Étudier l’histoire des Vutés est extrêmement important pour sortir du sentiment d’impuissance. Malgré tout, depuis quelque temps,  les jeunes nous ont démontré d’immenses progrès. Les actions qu’ils mènent ont eu un succès retentissant dans l’art, et dans les études. Mais l’avenir des Vutés repose sur une seule bataille. La bataille pour la conservation de la terre, et les grands investissements. Depuis près de 30 ans, la situation ne cesse de se dégrader, outre l’accaparement sans limite de la nature par les chinois, et les tribus riveraines, tout se brade sans réflexion. Les jeunes doivent s’intéresser, à la valeur de cette nature, son paysage et son écosystème ; il faut une volonté de préserver, voire de restaurer une nature avec ses myriades d’animaux comme autrefois ; pour cela il faut des mobilisations associatives, c’est la lutte la plus importante. Je ne crois pas à une mobilisation des fonds pour fabriquer des calendriers Vutés. Il n’ y a rien de culturel dans ce bout de papier qu’on  brandit partout  à fort renfort de publicité. Remettre un calendrier dans une chefferie qu’est ce que cela rapporte à ce chef.

La disparition du monde naturel est aussi une vraie question pour notre diversité.

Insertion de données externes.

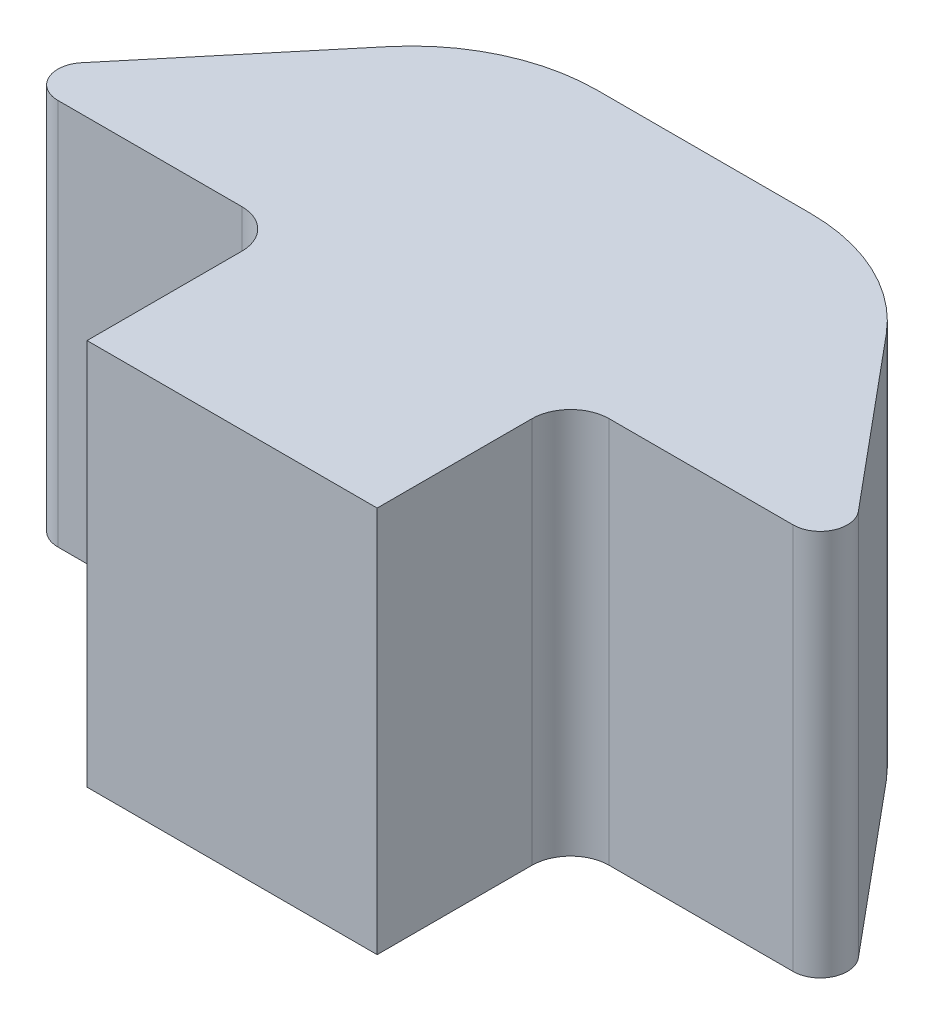
ISO-10303-21;
HEADER;
FILE_DESCRIPTION(('STEP AP214'),'2;1');
FILE_NAME('part.step','',(''),(''),'','','');
FILE_SCHEMA(('AUTOMOTIVE_DESIGN { 1 0 10303 214 1 1 1 1 }'));
ENDSEC;
DATA;
#1=APPLICATION_CONTEXT('core data for automotive mechanical design processes');
#2=APPLICATION_PROTOCOL_DEFINITION('international standard','automotive_design',2000,#1);
#3=PRODUCT_CONTEXT('',#1,'mechanical');
#4=PRODUCT('Part','Part','',(#3));
#5=PRODUCT_RELATED_PRODUCT_CATEGORY('part','',(#4));
#6=PRODUCT_DEFINITION_FORMATION('','',#4);
#7=PRODUCT_DEFINITION_CONTEXT('part definition',#1,'design');
#8=PRODUCT_DEFINITION('design','',#6,#7);
#9=PRODUCT_DEFINITION_SHAPE('','',#8);
#10=(LENGTH_UNIT() NAMED_UNIT(*) SI_UNIT(.MILLI.,.METRE.));
#11=(NAMED_UNIT(*) PLANE_ANGLE_UNIT() SI_UNIT($,.RADIAN.));
#12=(NAMED_UNIT(*) SI_UNIT($,.STERADIAN.) SOLID_ANGLE_UNIT());
#13=UNCERTAINTY_MEASURE_WITH_UNIT(LENGTH_MEASURE(1.E-05),#10,'distance_accuracy_value','');
#14=(GEOMETRIC_REPRESENTATION_CONTEXT(3) GLOBAL_UNCERTAINTY_ASSIGNED_CONTEXT((#13)) GLOBAL_UNIT_ASSIGNED_CONTEXT((#10,
#11,#12)) REPRESENTATION_CONTEXT('',''));
#15=CARTESIAN_POINT('',(0.,0.,0.));
#16=DIRECTION('',(0.,0.,1.));
#17=DIRECTION('',(1.,0.,0.));
#18=AXIS2_PLACEMENT_3D('',#15,#16,#17);
#19=CARTESIAN_POINT('',(0.,10.,0.));
#20=DIRECTION('',(0.,0.,1.));
#21=DIRECTION('',(1.,0.,0.));
#22=AXIS2_PLACEMENT_3D('',#19,#20,#21);
#23=PLANE('',#22);
#24=DIRECTION('',(-1.,0.,0.));
#25=VECTOR('',#24,1.);
#26=CARTESIAN_POINT('',(0.,10.,0.));
#27=LINE('',#26,#25);
#28=CARTESIAN_POINT('',(2.75180025927468,10.,0.));
#29=VERTEX_POINT('',#28);
#30=CARTESIAN_POINT('',(-2.75180025927468,10.,0.));
#31=VERTEX_POINT('',#30);
#32=EDGE_CURVE('E189',#29,#31,#27,.T.);
#33=ORIENTED_EDGE('',*,*,#32,.F.);
#34=DIRECTION('',(0.,-1.,0.));
#35=VECTOR('',#34,1.);
#36=CARTESIAN_POINT('',(2.75180025927468,0.,0.));
#37=LINE('',#36,#35);
#38=CARTESIAN_POINT('',(2.75180025927468,0.,0.));
#39=VERTEX_POINT('',#38);
#40=EDGE_CURVE('E271',#29,#39,#37,.T.);
#41=ORIENTED_EDGE('',*,*,#40,.T.);
#42=DIRECTION('',(-1.,0.,0.));
#43=VECTOR('',#42,1.);
#44=CARTESIAN_POINT('',(0.,0.,0.));
#45=LINE('',#44,#43);
#46=CARTESIAN_POINT('',(-2.75180025927468,0.,0.));
#47=VERTEX_POINT('',#46);
#48=EDGE_CURVE('E177',#39,#47,#45,.T.);
#49=ORIENTED_EDGE('',*,*,#48,.T.);
#50=DIRECTION('',(0.,-1.,0.));
#51=VECTOR('',#50,1.);
#52=CARTESIAN_POINT('',(-2.75180025927468,10.,0.));
#53=LINE('',#52,#51);
#54=EDGE_CURVE('E268',#47,#31,#53,.F.);
#55=ORIENTED_EDGE('',*,*,#54,.T.);
#56=EDGE_LOOP('',(#33,#41,#49,#55));
#57=FACE_BOUND('',#56,.T.);
#58=ADVANCED_FACE('F44',(#57),#23,.F.);
#59=CARTESIAN_POINT('',(-5.,10.,0.));
#60=DIRECTION('',(0.768221279597376,0.,0.64018439966448));
#61=DIRECTION('',(0.64018439966448,0.,-0.768221279597376));
#62=AXIS2_PLACEMENT_3D('',#59,#60,#61);
#63=PLANE('',#62);
#64=DIRECTION('',(-0.64018439966448,0.,0.768221279597376));
#65=VECTOR('',#64,1.);
#66=CARTESIAN_POINT('',(-5.,10.,0.));
#67=LINE('',#66,#65);
#68=CARTESIAN_POINT('',(-6.43926240134208,10.,1.7271148816105));
#69=VERTEX_POINT('',#68);
#70=CARTESIAN_POINT('',(-10.0432257668624,10.,6.05187092023486));
#71=VERTEX_POINT('',#70);
#72=EDGE_CURVE('E192',#69,#71,#67,.T.);
#73=ORIENTED_EDGE('',*,*,#72,.F.);
#74=DIRECTION('',(0.,-1.,0.));
#75=VECTOR('',#74,1.);
#76=CARTESIAN_POINT('',(-6.43926240134208,10.,1.7271148816105));
#77=LINE('',#76,#75);
#78=CARTESIAN_POINT('',(-6.43926240134208,0.,1.7271148816105));
#79=VERTEX_POINT('',#78);
#80=EDGE_CURVE('E11',#69,#79,#77,.T.);
#81=ORIENTED_EDGE('',*,*,#80,.T.);
#82=DIRECTION('',(-0.64018439966448,0.,0.768221279597376));
#83=VECTOR('',#82,1.);
#84=CARTESIAN_POINT('',(-5.,0.,0.));
#85=LINE('',#84,#83);
#86=CARTESIAN_POINT('',(-10.0432257668624,0.,6.05187092023486));
#87=VERTEX_POINT('',#86);
#88=EDGE_CURVE('E183',#79,#87,#85,.T.);
#89=ORIENTED_EDGE('',*,*,#88,.T.);
#90=DIRECTION('',(0.,-1.,0.));
#91=VECTOR('',#90,1.);
#92=CARTESIAN_POINT('',(-10.0432257668624,10.,6.05187092023486));
#93=LINE('',#92,#91);
#94=EDGE_CURVE('E222',#87,#71,#93,.F.);
#95=ORIENTED_EDGE('',*,*,#94,.T.);
#96=EDGE_LOOP('',(#73,#81,#89,#95));
#97=FACE_BOUND('',#96,.T.);
#98=ADVANCED_FACE('F336',(#97),#63,.F.);
#99=CARTESIAN_POINT('',(-11.,10.,7.2));
#100=DIRECTION('',(0.,0.,-1.));
#101=DIRECTION('',(-1.,0.,0.));
#102=AXIS2_PLACEMENT_3D('',#99,#100,#101);
#103=PLANE('',#102);
#104=DIRECTION('',(1.,0.,0.));
#105=VECTOR('',#104,1.);
#106=CARTESIAN_POINT('',(-11.,0.,7.2));
#107=LINE('',#106,#105);
#108=CARTESIAN_POINT('',(-9.50547087114422,0.,7.2));
#109=VERTEX_POINT('',#108);
#110=CARTESIAN_POINT('',(-4.75,0.,7.2));
#111=VERTEX_POINT('',#110);
#112=EDGE_CURVE('E203',#109,#111,#107,.T.);
#113=ORIENTED_EDGE('',*,*,#112,.T.);
#114=DIRECTION('',(0.,-1.,0.));
#115=VECTOR('',#114,1.);
#116=CARTESIAN_POINT('',(-4.75,10.,7.2));
#117=LINE('',#116,#115);
#118=CARTESIAN_POINT('',(-4.75,10.,7.2));
#119=VERTEX_POINT('',#118);
#120=EDGE_CURVE('E233',#111,#119,#117,.F.);
#121=ORIENTED_EDGE('',*,*,#120,.T.);
#122=DIRECTION('',(1.,0.,0.));
#123=VECTOR('',#122,1.);
#124=CARTESIAN_POINT('',(-11.,10.,7.2));
#125=LINE('',#124,#123);
#126=CARTESIAN_POINT('',(-9.50547087114422,10.,7.2));
#127=VERTEX_POINT('',#126);
#128=EDGE_CURVE('E195',#127,#119,#125,.T.);
#129=ORIENTED_EDGE('',*,*,#128,.F.);
#130=DIRECTION('',(0.,-1.,0.));
#131=VECTOR('',#130,1.);
#132=CARTESIAN_POINT('',(-9.50547087114422,10.,7.2));
#133=LINE('',#132,#131);
#134=EDGE_CURVE('E214',#127,#109,#133,.T.);
#135=ORIENTED_EDGE('',*,*,#134,.T.);
#136=EDGE_LOOP('',(#113,#121,#129,#135));
#137=FACE_BOUND('',#136,.T.);
#138=ADVANCED_FACE('F328',(#137),#103,.F.);
#139=CARTESIAN_POINT('',(-3.75,10.,7.2));
#140=DIRECTION('',(1.,0.,0.));
#141=DIRECTION('',(0.,0.,-1.));
#142=AXIS2_PLACEMENT_3D('',#139,#140,#141);
#143=PLANE('',#142);
#144=DIRECTION('',(0.,0.,1.));
#145=VECTOR('',#144,1.);
#146=CARTESIAN_POINT('',(-3.75,10.,7.2));
#147=LINE('',#146,#145);
#148=CARTESIAN_POINT('',(-3.75,10.,8.2));
#149=VERTEX_POINT('',#148);
#150=CARTESIAN_POINT('',(-3.75,10.,12.2));
#151=VERTEX_POINT('',#150);
#152=EDGE_CURVE('E165',#149,#151,#147,.T.);
#153=ORIENTED_EDGE('',*,*,#152,.F.);
#154=DIRECTION('',(0.,-1.,0.));
#155=VECTOR('',#154,1.);
#156=CARTESIAN_POINT('',(-3.75,0.,8.2));
#157=LINE('',#156,#155);
#158=CARTESIAN_POINT('',(-3.75,0.,8.2));
#159=VERTEX_POINT('',#158);
#160=EDGE_CURVE('E229',#149,#159,#157,.T.);
#161=ORIENTED_EDGE('',*,*,#160,.T.);
#162=DIRECTION('',(0.,0.,1.));
#163=VECTOR('',#162,1.);
#164=CARTESIAN_POINT('',(-3.75,0.,7.2));
#165=LINE('',#164,#163);
#166=CARTESIAN_POINT('',(-3.75,0.,12.2));
#167=VERTEX_POINT('',#166);
#168=EDGE_CURVE('E207',#159,#167,#165,.T.);
#169=ORIENTED_EDGE('',*,*,#168,.T.);
#170=DIRECTION('',(0.,-1.,0.));
#171=VECTOR('',#170,1.);
#172=CARTESIAN_POINT('',(-3.75,10.,12.2));
#173=LINE('',#172,#171);
#174=EDGE_CURVE('E170',#151,#167,#173,.T.);
#175=ORIENTED_EDGE('',*,*,#174,.F.);
#176=EDGE_LOOP('',(#153,#161,#169,#175));
#177=FACE_BOUND('',#176,.T.);
#178=ADVANCED_FACE('F320',(#177),#143,.F.);
#179=CARTESIAN_POINT('',(-3.75,10.,12.2));
#180=DIRECTION('',(0.,0.,-1.));
#181=DIRECTION('',(-1.,0.,0.));
#182=AXIS2_PLACEMENT_3D('',#179,#180,#181);
#183=PLANE('',#182);
#184=DIRECTION('',(1.,0.,0.));
#185=VECTOR('',#184,1.);
#186=CARTESIAN_POINT('',(-3.75,0.,12.2));
#187=LINE('',#186,#185);
#188=CARTESIAN_POINT('',(3.75,0.,12.2));
#189=VERTEX_POINT('',#188);
#190=EDGE_CURVE('E175',#167,#189,#187,.T.);
#191=ORIENTED_EDGE('',*,*,#190,.T.);
#192=DIRECTION('',(0.,-1.,0.));
#193=VECTOR('',#192,1.);
#194=CARTESIAN_POINT('',(3.75,10.,12.2));
#195=LINE('',#194,#193);
#196=CARTESIAN_POINT('',(3.75,10.,12.2));
#197=VERTEX_POINT('',#196);
#198=EDGE_CURVE('E153',#197,#189,#195,.T.);
#199=ORIENTED_EDGE('',*,*,#198,.F.);
#200=DIRECTION('',(1.,0.,0.));
#201=VECTOR('',#200,1.);
#202=CARTESIAN_POINT('',(-3.75,10.,12.2));
#203=LINE('',#202,#201);
#204=EDGE_CURVE('E162',#151,#197,#203,.T.);
#205=ORIENTED_EDGE('',*,*,#204,.F.);
#206=ORIENTED_EDGE('',*,*,#174,.T.);
#207=EDGE_LOOP('',(#191,#199,#205,#206));
#208=FACE_BOUND('',#207,.T.);
#209=ADVANCED_FACE('F173',(#208),#183,.F.);
#210=CARTESIAN_POINT('',(0.,10.,0.));
#211=DIRECTION('',(0.,1.,0.));
#212=DIRECTION('',(0.,0.,1.));
#213=AXIS2_PLACEMENT_3D('',#210,#211,#212);
#214=PLANE('',#213);
#215=DIRECTION('',(0.64018439966448,0.,0.768221279597376));
#216=VECTOR('',#215,1.);
#217=CARTESIAN_POINT('',(5.,10.,0.));
#218=LINE('',#217,#216);
#219=CARTESIAN_POINT('',(6.43926240134208,10.,1.7271148816105));
#220=VERTEX_POINT('',#219);
#221=CARTESIAN_POINT('',(10.0432257668624,10.,6.05187092023487));
#222=VERTEX_POINT('',#221);
#223=EDGE_CURVE('E178',#220,#222,#218,.T.);
#224=ORIENTED_EDGE('',*,*,#223,.F.);
#225=CARTESIAN_POINT('',(2.75180025927468,10.,4.8));
#226=DIRECTION('',(0.,1.,0.));
#227=DIRECTION('',(0.,0.,1.));
#228=AXIS2_PLACEMENT_3D('',#225,#226,#227);
#229=CIRCLE('',#228,4.8);
#230=EDGE_CURVE('E53',#220,#29,#229,.T.);
#231=ORIENTED_EDGE('',*,*,#230,.T.);
#232=ORIENTED_EDGE('',*,*,#32,.T.);
#233=CARTESIAN_POINT('',(-2.75180025927468,10.,4.8));
#234=DIRECTION('',(0.,1.,0.));
#235=DIRECTION('',(0.,0.,1.));
#236=AXIS2_PLACEMENT_3D('',#233,#234,#235);
#237=CIRCLE('',#236,4.8);
#238=EDGE_CURVE('E60',#31,#69,#237,.T.);
#239=ORIENTED_EDGE('',*,*,#238,.T.);
#240=ORIENTED_EDGE('',*,*,#72,.T.);
#241=CARTESIAN_POINT('',(-9.50547087114422,10.,6.5));
#242=DIRECTION('',(0.,1.,0.));
#243=DIRECTION('',(0.,0.,1.));
#244=AXIS2_PLACEMENT_3D('',#241,#242,#243);
#245=CIRCLE('',#244,0.7);
#246=EDGE_CURVE('E226',#71,#127,#245,.T.);
#247=ORIENTED_EDGE('',*,*,#246,.T.);
#248=ORIENTED_EDGE('',*,*,#128,.T.);
#249=CARTESIAN_POINT('',(-4.75,10.,8.2));
#250=DIRECTION('',(0.,1.,0.));
#251=DIRECTION('',(0.,0.,1.));
#252=AXIS2_PLACEMENT_3D('',#249,#250,#251);
#253=CIRCLE('',#252,1.);
#254=EDGE_CURVE('E239',#119,#149,#253,.F.);
#255=ORIENTED_EDGE('',*,*,#254,.T.);
#256=ORIENTED_EDGE('',*,*,#152,.T.);
#257=ORIENTED_EDGE('',*,*,#204,.T.);
#258=DIRECTION('',(0.,0.,1.));
#259=VECTOR('',#258,1.);
#260=CARTESIAN_POINT('',(3.75,10.,7.2));
#261=LINE('',#260,#259);
#262=CARTESIAN_POINT('',(3.75,10.,8.2));
#263=VERTEX_POINT('',#262);
#264=EDGE_CURVE('E148',#263,#197,#261,.T.);
#265=ORIENTED_EDGE('',*,*,#264,.F.);
#266=CARTESIAN_POINT('',(4.75,10.,8.2));
#267=DIRECTION('',(0.,1.,0.));
#268=DIRECTION('',(0.,0.,1.));
#269=AXIS2_PLACEMENT_3D('',#266,#267,#268);
#270=CIRCLE('',#269,1.);
#271=CARTESIAN_POINT('',(4.75,10.,7.2));
#272=VERTEX_POINT('',#271);
#273=EDGE_CURVE('E265',#263,#272,#270,.F.);
#274=ORIENTED_EDGE('',*,*,#273,.T.);
#275=DIRECTION('',(-1.,0.,0.));
#276=VECTOR('',#275,1.);
#277=CARTESIAN_POINT('',(11.,10.,7.2));
#278=LINE('',#277,#276);
#279=CARTESIAN_POINT('',(9.50547087114422,10.,7.2));
#280=VERTEX_POINT('',#279);
#281=EDGE_CURVE('E158',#280,#272,#278,.T.);
#282=ORIENTED_EDGE('',*,*,#281,.F.);
#283=CARTESIAN_POINT('',(9.50547087114422,10.,6.5));
#284=DIRECTION('',(0.,1.,0.));
#285=DIRECTION('',(0.,0.,1.));
#286=AXIS2_PLACEMENT_3D('',#283,#284,#285);
#287=CIRCLE('',#286,0.7);
#288=EDGE_CURVE('E252',#280,#222,#287,.T.);
#289=ORIENTED_EDGE('',*,*,#288,.T.);
#290=EDGE_LOOP('',(#224,#231,#232,#239,#240,#247,#248,#255,#256,#257,#265,#274,#282,#289));
#291=FACE_BOUND('',#290,.T.);
#292=ADVANCED_FACE('F163',(#291),#214,.T.);
#293=CARTESIAN_POINT('',(0.,0.,0.));
#294=DIRECTION('',(0.,1.,0.));
#295=DIRECTION('',(0.,0.,1.));
#296=AXIS2_PLACEMENT_3D('',#293,#294,#295);
#297=PLANE('',#296);
#298=ORIENTED_EDGE('',*,*,#48,.F.);
#299=CARTESIAN_POINT('',(2.75180025927468,0.,4.8));
#300=DIRECTION('',(0.,1.,0.));
#301=DIRECTION('',(0.,0.,1.));
#302=AXIS2_PLACEMENT_3D('',#299,#300,#301);
#303=CIRCLE('',#302,4.8);
#304=CARTESIAN_POINT('',(6.43926240134208,0.,1.7271148816105));
#305=VERTEX_POINT('',#304);
#306=EDGE_CURVE('E278',#39,#305,#303,.F.);
#307=ORIENTED_EDGE('',*,*,#306,.T.);
#308=DIRECTION('',(0.64018439966448,0.,0.768221279597376));
#309=VECTOR('',#308,1.);
#310=CARTESIAN_POINT('',(5.,0.,0.));
#311=LINE('',#310,#309);
#312=CARTESIAN_POINT('',(10.0432257668624,0.,6.05187092023487));
#313=VERTEX_POINT('',#312);
#314=EDGE_CURVE('E159',#305,#313,#311,.T.);
#315=ORIENTED_EDGE('',*,*,#314,.T.);
#316=CARTESIAN_POINT('',(9.50547087114422,0.,6.5));
#317=DIRECTION('',(0.,1.,0.));
#318=DIRECTION('',(0.,0.,1.));
#319=AXIS2_PLACEMENT_3D('',#316,#317,#318);
#320=CIRCLE('',#319,0.7);
#321=CARTESIAN_POINT('',(9.50547087114422,0.,7.2));
#322=VERTEX_POINT('',#321);
#323=EDGE_CURVE('E246',#313,#322,#320,.F.);
#324=ORIENTED_EDGE('',*,*,#323,.T.);
#325=DIRECTION('',(-1.,0.,0.));
#326=VECTOR('',#325,1.);
#327=CARTESIAN_POINT('',(11.,0.,7.2));
#328=LINE('',#327,#326);
#329=CARTESIAN_POINT('',(4.75,0.,7.2));
#330=VERTEX_POINT('',#329);
#331=EDGE_CURVE('E299',#322,#330,#328,.T.);
#332=ORIENTED_EDGE('',*,*,#331,.T.);
#333=CARTESIAN_POINT('',(4.75,0.,8.2));
#334=DIRECTION('',(0.,1.,0.));
#335=DIRECTION('',(0.,0.,1.));
#336=AXIS2_PLACEMENT_3D('',#333,#334,#335);
#337=CIRCLE('',#336,1.);
#338=CARTESIAN_POINT('',(3.75,0.,8.2));
#339=VERTEX_POINT('',#338);
#340=EDGE_CURVE('E262',#330,#339,#337,.T.);
#341=ORIENTED_EDGE('',*,*,#340,.T.);
#342=DIRECTION('',(0.,0.,1.));
#343=VECTOR('',#342,1.);
#344=CARTESIAN_POINT('',(3.75,0.,7.2));
#345=LINE('',#344,#343);
#346=EDGE_CURVE('E302',#339,#189,#345,.T.);
#347=ORIENTED_EDGE('',*,*,#346,.T.);
#348=ORIENTED_EDGE('',*,*,#190,.F.);
#349=ORIENTED_EDGE('',*,*,#168,.F.);
#350=CARTESIAN_POINT('',(-4.75,0.,8.2));
#351=DIRECTION('',(0.,1.,0.));
#352=DIRECTION('',(0.,0.,1.));
#353=AXIS2_PLACEMENT_3D('',#350,#351,#352);
#354=CIRCLE('',#353,1.);
#355=EDGE_CURVE('E236',#159,#111,#354,.T.);
#356=ORIENTED_EDGE('',*,*,#355,.T.);
#357=ORIENTED_EDGE('',*,*,#112,.F.);
#358=CARTESIAN_POINT('',(-9.50547087114422,0.,6.5));
#359=DIRECTION('',(0.,1.,0.));
#360=DIRECTION('',(0.,0.,1.));
#361=AXIS2_PLACEMENT_3D('',#358,#359,#360);
#362=CIRCLE('',#361,0.7);
#363=EDGE_CURVE('E218',#109,#87,#362,.F.);
#364=ORIENTED_EDGE('',*,*,#363,.T.);
#365=ORIENTED_EDGE('',*,*,#88,.F.);
#366=CARTESIAN_POINT('',(-2.75180025927468,0.,4.8));
#367=DIRECTION('',(0.,1.,0.));
#368=DIRECTION('',(0.,0.,1.));
#369=AXIS2_PLACEMENT_3D('',#366,#367,#368);
#370=CIRCLE('',#369,4.8);
#371=EDGE_CURVE('E275',#79,#47,#370,.F.);
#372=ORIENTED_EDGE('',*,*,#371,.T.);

Certaines plantes poussent parce que certains animaux y vivent, très souvent, ce sont des plantes médicinales. La biodiversité est le produit d’une longue civilisation et dans chaque milieu naturel, se trouve cette diversité, cette complexité et cette beauté de l’environnement. Si la terre est l’endroit où l’homme Vuté a tout fait et tout espéré, c’est qu’il est l’élément nécessaire pour sa survie. C’est enthousiasmant de voir les jeunes se libérer culturellement, mais il leur manque encore cette force de persuasion devant  ceux qui bradent les terres ou qui détruisent nos forêts. Dans cette période de grands bouleversements climatiques et biologiques, il faut revenir à la spontanéité. Il faut protéger la terre et la forêt, c’est un héritage commun. Je ne dis pas de mener un combat historique. L’homme est le premier être qui  fait partie de la biodiversité. Il a une volonté de s’intégrer à la nature dite ordinaire et mystérieuse. Quand nous étions petits, les Vutés avaient des terres dans tout le Cameroun, ils étaient moins nombreux, maintenant que sa population s’accroît, leur terre se raréfie ; il faut donc maintenant de l’inventivité et une autre créativité. Les associations, c’est bien, mais il faut mêler d’autres passions, et d’autres combats, à l’aide d’alternative concrète.